Мысли вслух. "За поразительно короткий исторический период в 40 лет народонаселение удвоилось и будет продолжать увеличиваться. Так к 2010 г. оно составит 7,1 млрд человек. Рост населения и развитие экономики ведут к очевидному увеличению спроса на энергию. Индустриальные страны, потребляющие три четверти общей энергии, насчитывают около 20 процентов населения, и их энергопотребление на душу населения в 10 раз выше, чем в развивающихся странах."

-… Ситуация с энергетическими ресурсами уже в ХХI веке станет критической. Ведь только около 10 процентов мирового производства энергии обеспечивается за счет гидро- и ядерной энергии, а остальное — это легкодоступные ископаемые ресурсы, в основном — нефть, газ и уголь. Они стремительно истощаются. К альтернативным видам относятся: ядерная энергетика, гидроэнергетика, солнечная, геотермальная, приливная энергетика и управляемый термоядерный синтез. Для альтернативных энергетических технологий важнейшим становится вопрос о том, когда конкретная технология могла бы быть внедрена в полномасштабную энергетику.

— Вывод один?

­— Конечно. И поэтому судьбу термоядерной энергетики мы связываем с ХХ веком. Она становится просто необходимой.
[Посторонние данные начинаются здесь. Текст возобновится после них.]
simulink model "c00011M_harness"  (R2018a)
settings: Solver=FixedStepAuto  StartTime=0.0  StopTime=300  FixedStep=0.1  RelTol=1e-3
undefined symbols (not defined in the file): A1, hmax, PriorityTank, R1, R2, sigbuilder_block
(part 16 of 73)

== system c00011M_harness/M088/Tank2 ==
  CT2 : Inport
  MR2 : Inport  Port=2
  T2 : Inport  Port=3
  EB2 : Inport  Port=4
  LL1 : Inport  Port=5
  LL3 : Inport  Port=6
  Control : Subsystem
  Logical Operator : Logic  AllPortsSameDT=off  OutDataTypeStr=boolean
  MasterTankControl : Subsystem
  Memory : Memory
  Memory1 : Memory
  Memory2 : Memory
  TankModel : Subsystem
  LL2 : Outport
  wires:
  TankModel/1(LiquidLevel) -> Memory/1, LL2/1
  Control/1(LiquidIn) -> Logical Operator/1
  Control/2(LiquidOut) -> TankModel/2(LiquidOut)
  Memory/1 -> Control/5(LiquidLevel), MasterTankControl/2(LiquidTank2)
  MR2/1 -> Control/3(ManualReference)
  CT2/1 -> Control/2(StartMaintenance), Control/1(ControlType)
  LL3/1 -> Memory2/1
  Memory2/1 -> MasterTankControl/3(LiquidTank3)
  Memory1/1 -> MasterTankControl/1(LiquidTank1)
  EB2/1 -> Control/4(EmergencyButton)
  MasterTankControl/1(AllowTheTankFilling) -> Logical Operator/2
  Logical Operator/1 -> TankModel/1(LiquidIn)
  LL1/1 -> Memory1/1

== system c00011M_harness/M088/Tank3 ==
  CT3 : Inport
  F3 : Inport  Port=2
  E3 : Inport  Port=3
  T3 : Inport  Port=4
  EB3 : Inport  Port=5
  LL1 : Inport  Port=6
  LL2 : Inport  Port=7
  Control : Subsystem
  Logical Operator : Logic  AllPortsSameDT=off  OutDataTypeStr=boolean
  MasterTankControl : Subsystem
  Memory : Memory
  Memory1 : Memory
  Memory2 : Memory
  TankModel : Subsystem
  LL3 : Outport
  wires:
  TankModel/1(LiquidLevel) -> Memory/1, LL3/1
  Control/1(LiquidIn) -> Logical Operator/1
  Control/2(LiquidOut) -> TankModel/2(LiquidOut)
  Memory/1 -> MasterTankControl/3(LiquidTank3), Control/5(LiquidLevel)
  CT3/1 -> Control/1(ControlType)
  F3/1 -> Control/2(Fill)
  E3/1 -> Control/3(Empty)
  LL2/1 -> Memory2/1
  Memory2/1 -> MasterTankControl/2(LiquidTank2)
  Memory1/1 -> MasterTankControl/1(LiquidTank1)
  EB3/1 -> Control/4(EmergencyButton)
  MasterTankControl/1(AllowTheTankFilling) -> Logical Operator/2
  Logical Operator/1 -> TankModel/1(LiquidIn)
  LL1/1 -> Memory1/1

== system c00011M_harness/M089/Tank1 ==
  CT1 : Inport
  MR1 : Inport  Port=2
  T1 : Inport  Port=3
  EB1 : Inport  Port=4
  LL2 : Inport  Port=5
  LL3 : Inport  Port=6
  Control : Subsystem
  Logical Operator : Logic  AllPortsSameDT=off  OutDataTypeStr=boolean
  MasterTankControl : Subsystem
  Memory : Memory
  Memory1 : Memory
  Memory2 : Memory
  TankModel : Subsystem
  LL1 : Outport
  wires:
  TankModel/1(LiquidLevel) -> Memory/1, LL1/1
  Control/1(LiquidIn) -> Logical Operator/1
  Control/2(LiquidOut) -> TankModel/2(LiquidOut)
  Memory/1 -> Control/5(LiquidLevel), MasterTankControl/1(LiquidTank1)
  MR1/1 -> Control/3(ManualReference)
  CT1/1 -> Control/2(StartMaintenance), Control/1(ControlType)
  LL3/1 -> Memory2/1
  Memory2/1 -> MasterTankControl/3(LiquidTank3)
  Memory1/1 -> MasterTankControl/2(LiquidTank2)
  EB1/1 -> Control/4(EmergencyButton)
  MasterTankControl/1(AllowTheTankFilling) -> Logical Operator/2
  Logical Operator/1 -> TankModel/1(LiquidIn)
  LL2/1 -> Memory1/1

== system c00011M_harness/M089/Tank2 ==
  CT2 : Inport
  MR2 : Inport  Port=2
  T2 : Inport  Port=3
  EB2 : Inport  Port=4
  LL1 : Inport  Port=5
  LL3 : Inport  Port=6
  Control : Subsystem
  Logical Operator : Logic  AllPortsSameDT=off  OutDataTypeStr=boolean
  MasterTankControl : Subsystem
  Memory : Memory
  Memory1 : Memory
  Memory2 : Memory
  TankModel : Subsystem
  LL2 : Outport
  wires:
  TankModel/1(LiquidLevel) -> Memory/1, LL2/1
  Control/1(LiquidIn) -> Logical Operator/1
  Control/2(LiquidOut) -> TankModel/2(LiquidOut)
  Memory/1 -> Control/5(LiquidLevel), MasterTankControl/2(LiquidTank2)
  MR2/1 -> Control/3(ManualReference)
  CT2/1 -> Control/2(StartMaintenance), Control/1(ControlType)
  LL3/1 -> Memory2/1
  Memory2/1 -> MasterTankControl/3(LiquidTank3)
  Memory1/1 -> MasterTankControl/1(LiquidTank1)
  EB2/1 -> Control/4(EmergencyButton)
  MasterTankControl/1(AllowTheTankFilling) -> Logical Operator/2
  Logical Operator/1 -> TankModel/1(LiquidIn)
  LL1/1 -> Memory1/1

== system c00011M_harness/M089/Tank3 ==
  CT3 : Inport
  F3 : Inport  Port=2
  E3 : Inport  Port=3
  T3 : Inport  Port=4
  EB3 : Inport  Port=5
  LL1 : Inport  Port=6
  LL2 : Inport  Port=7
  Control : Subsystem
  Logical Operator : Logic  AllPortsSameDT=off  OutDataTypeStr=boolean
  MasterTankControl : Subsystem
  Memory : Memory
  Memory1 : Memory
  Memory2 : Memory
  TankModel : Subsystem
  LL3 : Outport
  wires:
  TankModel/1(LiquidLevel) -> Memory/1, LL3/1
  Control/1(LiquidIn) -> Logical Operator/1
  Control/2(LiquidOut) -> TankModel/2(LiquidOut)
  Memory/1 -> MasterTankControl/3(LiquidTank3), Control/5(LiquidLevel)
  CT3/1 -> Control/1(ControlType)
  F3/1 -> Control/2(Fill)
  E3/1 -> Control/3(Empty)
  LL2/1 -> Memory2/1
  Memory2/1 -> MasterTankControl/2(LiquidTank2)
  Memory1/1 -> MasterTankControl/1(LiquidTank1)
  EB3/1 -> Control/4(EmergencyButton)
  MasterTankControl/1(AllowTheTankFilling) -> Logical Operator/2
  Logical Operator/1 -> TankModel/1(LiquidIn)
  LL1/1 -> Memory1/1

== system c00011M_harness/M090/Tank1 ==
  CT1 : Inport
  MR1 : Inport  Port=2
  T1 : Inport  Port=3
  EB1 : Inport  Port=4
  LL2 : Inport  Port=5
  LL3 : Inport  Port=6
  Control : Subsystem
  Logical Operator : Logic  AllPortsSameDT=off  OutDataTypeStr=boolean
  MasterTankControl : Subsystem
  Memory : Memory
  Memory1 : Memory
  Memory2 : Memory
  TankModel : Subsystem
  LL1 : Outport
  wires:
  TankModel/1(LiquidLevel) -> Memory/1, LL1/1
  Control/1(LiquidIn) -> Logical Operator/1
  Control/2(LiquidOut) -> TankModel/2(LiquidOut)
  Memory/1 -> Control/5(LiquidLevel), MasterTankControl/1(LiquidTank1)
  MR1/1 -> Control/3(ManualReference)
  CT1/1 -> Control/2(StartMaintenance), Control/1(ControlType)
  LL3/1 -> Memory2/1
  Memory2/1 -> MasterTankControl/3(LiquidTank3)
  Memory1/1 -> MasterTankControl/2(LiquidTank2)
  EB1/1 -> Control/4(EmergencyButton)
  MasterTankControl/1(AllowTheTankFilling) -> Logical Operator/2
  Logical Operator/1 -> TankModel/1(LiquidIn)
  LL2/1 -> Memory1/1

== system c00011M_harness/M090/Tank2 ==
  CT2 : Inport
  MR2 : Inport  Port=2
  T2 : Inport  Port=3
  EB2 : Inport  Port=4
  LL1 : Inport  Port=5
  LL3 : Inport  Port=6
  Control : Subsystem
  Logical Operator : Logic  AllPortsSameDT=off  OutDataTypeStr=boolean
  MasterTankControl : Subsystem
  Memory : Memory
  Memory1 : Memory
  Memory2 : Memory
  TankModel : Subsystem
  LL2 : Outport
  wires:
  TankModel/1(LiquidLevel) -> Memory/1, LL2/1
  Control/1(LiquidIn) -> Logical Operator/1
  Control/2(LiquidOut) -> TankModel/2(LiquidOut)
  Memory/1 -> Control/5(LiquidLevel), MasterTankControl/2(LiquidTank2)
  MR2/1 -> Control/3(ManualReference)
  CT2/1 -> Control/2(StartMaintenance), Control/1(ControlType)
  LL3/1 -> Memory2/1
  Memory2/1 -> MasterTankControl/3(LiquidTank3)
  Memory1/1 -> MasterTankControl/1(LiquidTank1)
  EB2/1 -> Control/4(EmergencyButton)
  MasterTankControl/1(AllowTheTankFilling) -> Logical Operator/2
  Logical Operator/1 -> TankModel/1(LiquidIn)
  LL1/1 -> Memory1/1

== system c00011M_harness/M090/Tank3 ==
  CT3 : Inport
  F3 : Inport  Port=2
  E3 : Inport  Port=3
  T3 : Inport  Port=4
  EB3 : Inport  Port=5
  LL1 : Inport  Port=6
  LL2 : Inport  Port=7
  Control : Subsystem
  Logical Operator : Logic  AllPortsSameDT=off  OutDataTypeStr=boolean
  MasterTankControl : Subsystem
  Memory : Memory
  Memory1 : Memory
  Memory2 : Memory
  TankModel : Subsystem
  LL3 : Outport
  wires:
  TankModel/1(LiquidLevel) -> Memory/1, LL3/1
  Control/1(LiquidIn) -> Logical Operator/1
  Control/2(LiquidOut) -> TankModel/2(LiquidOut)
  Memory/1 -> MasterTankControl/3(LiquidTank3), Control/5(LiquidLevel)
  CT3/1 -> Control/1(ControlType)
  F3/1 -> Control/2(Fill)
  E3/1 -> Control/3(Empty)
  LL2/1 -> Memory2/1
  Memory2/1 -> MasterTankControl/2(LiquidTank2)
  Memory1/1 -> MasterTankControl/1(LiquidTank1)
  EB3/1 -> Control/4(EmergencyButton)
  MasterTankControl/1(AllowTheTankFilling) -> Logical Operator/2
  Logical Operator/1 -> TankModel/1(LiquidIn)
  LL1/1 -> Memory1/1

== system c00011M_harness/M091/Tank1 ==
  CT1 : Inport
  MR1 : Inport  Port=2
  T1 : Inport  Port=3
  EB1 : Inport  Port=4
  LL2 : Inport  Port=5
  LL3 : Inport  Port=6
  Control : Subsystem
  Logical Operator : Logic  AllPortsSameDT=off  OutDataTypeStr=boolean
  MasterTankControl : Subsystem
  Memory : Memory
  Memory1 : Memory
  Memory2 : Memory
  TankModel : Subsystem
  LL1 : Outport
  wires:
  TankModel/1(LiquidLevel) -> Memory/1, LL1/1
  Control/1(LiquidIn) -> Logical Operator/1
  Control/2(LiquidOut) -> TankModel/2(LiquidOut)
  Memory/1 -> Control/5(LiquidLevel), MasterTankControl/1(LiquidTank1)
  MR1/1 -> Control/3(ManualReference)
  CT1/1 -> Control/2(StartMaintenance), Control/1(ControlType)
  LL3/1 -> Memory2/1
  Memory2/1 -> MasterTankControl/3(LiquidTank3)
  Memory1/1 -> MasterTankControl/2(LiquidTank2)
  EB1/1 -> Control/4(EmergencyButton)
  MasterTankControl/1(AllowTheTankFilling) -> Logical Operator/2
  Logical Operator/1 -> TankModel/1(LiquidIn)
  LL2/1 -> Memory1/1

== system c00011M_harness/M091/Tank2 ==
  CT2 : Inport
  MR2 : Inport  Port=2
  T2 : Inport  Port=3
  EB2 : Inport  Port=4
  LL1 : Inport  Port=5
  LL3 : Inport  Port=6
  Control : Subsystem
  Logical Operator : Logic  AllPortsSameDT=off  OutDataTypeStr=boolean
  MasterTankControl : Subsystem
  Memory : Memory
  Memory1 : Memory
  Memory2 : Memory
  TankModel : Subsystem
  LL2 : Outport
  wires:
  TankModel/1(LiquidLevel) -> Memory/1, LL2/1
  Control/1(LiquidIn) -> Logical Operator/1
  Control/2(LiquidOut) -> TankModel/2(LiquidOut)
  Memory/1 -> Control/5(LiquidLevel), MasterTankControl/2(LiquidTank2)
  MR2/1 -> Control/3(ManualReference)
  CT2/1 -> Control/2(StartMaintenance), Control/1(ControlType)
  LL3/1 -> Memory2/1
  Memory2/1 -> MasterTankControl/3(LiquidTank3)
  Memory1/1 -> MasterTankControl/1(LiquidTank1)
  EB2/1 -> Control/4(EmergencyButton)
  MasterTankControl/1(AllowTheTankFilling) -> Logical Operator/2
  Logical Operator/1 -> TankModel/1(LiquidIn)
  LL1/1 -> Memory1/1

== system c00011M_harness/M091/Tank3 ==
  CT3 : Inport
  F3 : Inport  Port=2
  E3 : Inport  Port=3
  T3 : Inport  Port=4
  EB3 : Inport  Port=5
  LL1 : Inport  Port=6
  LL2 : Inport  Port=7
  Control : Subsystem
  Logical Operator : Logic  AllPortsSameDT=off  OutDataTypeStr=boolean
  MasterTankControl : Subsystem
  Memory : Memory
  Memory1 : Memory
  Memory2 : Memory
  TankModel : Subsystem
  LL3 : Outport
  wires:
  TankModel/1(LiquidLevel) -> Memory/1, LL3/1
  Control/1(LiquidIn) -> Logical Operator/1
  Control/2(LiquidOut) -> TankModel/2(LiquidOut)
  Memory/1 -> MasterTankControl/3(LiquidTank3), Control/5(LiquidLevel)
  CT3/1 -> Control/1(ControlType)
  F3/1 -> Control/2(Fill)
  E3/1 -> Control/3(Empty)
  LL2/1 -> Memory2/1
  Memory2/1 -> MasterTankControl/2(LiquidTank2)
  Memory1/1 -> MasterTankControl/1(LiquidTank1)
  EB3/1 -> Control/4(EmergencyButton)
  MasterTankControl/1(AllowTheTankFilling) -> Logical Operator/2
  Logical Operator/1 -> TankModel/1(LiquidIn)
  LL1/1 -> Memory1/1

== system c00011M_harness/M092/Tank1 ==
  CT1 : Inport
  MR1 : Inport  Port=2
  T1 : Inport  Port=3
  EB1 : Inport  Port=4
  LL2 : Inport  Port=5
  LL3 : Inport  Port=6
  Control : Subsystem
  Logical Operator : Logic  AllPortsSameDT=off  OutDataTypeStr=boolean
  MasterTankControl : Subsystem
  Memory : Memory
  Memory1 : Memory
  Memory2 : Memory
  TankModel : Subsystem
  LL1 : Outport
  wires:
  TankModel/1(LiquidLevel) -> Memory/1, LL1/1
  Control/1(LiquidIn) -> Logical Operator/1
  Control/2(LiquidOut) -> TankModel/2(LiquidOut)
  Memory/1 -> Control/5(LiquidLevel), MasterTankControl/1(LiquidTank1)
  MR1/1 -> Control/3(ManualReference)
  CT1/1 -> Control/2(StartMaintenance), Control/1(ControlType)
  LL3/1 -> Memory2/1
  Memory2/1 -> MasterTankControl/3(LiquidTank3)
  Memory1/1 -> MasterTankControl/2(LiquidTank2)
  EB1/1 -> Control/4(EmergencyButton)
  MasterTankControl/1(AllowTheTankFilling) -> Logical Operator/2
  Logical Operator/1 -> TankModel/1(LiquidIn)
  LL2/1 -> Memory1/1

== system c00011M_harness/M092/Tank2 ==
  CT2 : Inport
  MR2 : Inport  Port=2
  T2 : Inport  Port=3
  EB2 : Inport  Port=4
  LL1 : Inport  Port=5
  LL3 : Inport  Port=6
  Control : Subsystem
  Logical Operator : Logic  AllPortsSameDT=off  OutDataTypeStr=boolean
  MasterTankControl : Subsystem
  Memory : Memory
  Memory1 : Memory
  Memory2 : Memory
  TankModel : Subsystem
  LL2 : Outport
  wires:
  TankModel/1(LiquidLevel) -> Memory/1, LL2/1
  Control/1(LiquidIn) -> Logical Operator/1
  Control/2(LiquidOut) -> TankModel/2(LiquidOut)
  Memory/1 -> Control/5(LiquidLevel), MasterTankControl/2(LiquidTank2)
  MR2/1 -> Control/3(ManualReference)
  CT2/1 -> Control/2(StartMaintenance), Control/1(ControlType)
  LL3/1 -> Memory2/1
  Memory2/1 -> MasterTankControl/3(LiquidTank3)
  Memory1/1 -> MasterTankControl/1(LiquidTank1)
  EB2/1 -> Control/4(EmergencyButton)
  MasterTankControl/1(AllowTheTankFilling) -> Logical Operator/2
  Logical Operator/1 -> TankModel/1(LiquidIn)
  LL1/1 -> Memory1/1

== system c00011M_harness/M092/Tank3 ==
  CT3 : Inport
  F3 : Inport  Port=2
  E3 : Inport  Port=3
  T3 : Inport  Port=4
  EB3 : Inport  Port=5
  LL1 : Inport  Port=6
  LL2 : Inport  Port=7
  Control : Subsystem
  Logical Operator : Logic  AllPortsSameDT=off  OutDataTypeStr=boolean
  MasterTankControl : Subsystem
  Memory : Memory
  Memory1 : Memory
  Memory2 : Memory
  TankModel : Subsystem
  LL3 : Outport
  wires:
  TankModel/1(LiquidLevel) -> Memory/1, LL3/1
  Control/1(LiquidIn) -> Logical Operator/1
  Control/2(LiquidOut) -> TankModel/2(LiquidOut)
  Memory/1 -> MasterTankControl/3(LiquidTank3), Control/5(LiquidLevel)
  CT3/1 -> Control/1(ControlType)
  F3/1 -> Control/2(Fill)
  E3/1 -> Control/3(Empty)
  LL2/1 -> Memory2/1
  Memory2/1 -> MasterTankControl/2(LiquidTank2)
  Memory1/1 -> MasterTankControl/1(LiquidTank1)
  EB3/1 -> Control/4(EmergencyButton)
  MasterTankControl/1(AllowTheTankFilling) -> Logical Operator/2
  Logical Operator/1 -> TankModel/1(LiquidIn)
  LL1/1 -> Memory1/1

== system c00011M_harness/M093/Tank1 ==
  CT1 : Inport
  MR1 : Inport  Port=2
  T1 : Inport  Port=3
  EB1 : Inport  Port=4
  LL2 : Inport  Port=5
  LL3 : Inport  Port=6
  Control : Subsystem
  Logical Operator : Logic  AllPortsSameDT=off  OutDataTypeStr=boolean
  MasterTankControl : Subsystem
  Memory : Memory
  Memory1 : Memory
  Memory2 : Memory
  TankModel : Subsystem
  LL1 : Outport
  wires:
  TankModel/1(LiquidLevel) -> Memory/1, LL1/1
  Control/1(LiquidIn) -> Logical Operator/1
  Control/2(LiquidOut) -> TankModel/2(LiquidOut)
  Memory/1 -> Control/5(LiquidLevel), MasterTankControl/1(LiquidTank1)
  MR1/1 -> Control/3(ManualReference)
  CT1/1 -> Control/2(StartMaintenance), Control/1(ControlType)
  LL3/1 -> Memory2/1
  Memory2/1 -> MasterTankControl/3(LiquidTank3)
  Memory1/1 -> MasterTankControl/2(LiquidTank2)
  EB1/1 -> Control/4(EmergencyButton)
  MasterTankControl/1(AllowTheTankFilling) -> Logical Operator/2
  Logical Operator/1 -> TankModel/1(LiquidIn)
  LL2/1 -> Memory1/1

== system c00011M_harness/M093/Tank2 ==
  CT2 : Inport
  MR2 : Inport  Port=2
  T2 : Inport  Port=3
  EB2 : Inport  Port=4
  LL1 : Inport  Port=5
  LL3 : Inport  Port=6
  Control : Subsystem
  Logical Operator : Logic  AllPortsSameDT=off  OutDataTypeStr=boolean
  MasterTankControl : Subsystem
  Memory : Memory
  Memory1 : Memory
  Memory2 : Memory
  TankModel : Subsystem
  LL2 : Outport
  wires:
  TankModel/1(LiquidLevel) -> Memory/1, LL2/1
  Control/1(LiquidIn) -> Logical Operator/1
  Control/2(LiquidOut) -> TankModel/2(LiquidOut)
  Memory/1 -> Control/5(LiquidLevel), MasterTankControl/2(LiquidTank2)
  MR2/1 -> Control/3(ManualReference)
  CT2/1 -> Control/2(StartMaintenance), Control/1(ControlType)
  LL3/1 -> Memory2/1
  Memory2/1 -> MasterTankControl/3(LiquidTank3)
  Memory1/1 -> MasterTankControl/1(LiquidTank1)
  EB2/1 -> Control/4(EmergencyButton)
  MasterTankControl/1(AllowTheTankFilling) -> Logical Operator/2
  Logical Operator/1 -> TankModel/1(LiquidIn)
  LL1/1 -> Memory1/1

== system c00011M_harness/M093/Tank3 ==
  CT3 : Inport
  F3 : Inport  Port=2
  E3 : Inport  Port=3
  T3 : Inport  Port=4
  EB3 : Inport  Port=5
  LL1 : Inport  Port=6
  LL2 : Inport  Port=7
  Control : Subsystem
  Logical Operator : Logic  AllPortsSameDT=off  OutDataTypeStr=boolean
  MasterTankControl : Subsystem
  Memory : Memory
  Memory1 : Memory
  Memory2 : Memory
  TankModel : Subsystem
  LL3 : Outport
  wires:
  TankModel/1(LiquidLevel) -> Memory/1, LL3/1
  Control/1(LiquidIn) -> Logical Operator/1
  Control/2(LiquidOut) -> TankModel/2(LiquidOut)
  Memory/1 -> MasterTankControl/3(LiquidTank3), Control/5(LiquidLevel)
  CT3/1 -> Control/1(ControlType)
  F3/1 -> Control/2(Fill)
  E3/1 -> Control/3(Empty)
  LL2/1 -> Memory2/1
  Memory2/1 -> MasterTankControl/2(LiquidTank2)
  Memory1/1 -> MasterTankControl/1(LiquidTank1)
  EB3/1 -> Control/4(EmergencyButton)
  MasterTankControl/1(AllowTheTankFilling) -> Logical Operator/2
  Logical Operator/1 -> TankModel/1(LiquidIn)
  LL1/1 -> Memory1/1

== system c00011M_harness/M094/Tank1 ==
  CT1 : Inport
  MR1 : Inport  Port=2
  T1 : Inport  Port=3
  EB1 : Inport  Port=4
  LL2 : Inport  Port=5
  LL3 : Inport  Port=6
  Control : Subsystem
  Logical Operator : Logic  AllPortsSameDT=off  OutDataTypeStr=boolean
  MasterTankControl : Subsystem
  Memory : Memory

Мысли вслух. "Сохраняется фундаментальная проблема глобального изменения климата нашей планеты из-за парникового эффекта, основной причиной которого являются выбросы и накопление в атмосфере Земли углекислого газа (24 млрд. тонн в год). К середине ХХI столетия температура Земли может увеличиться на несколько градусов, что приведет к быстрому в историческом масштабе переходу к новым климатическим условиям, связанным с ростом уровня Мирового океана, эрозией береговой линии, изменениями температурного режима и нарушениями существующей циркуляции атмосферы. На эти новые условия человечество может не успеть среагировать. Чтобы сохранить теперешний состав атмосферы, необходима постепенная замена энергетических технологий, не использующих сжигание ископаемого топлива, то есть переход на новые "чистые" технологии, исключающие парниковый эффект".

— А разве атомная энергетика к таким "чистым" технологиям не относится?

— Сегодня она, пожалуй, главный и единственный претендент на "первую скрипку" в энергетике ХХ1 века. Ее главные преимущества — высокая концентрированность производства энергии и то, что при нормальном функционировании атомная электростанция не оказывает никакого отрицательного влияния на атмосферу. Однако у АЭС есть две серьезные проблемы. Это безаварийный режим работы и высокая радиоактивность отработанного топлива.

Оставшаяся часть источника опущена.